● **Problem description**: Each line in the entries below that holds the word "view" belongs in the answer.

+++ Task data

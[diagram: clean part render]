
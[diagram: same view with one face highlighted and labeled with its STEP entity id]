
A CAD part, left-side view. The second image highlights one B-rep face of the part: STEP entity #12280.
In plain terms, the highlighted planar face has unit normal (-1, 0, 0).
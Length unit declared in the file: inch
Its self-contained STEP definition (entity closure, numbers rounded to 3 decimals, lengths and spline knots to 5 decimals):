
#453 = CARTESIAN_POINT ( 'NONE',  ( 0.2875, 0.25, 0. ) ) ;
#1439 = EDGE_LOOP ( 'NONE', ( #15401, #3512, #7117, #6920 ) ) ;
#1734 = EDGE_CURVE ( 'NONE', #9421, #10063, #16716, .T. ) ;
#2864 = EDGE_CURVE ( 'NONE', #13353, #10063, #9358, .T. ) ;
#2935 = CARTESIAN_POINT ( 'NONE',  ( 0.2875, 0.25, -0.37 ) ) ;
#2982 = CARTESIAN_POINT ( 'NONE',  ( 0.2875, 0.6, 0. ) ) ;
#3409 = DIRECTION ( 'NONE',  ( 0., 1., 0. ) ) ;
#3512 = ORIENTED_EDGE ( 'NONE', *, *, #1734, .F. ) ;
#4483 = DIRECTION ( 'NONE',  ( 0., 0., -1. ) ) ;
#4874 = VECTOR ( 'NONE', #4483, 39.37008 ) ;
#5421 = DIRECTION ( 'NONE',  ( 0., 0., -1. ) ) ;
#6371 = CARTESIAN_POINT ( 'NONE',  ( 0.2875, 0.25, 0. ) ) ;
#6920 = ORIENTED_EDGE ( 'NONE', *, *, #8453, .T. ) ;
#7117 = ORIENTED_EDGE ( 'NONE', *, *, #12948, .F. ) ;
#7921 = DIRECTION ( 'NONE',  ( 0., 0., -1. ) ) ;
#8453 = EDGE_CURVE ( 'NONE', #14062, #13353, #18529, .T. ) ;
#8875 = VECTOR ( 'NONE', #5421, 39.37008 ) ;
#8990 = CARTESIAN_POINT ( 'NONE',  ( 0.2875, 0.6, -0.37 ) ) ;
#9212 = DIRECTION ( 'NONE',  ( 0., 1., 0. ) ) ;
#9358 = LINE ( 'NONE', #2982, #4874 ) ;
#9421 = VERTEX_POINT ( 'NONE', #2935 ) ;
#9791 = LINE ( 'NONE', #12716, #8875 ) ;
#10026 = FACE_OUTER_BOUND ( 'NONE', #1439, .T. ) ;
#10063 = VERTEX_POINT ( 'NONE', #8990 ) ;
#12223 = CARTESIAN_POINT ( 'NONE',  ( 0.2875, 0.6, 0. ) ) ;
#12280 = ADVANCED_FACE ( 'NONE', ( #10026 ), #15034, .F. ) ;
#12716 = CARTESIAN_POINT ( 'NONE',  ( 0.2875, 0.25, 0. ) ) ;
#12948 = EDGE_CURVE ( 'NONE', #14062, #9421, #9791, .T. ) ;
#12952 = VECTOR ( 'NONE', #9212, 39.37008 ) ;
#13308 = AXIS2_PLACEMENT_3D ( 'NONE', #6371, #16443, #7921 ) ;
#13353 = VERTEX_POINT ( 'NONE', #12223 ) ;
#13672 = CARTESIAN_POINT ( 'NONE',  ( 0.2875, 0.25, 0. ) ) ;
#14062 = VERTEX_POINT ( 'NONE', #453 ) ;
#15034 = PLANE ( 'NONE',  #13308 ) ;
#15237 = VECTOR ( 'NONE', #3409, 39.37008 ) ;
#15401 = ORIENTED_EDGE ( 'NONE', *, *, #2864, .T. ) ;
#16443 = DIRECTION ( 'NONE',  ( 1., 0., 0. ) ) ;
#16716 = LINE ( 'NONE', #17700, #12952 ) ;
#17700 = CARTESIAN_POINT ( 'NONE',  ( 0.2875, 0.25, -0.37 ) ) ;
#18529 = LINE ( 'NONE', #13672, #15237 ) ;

++++++

● **Response**:
[diagram: same view with one face highlighted and labeled with its STEP entity id]
A CAD part, left-side view. The second image highlights one B-rep face of the part: STEP entity #12280.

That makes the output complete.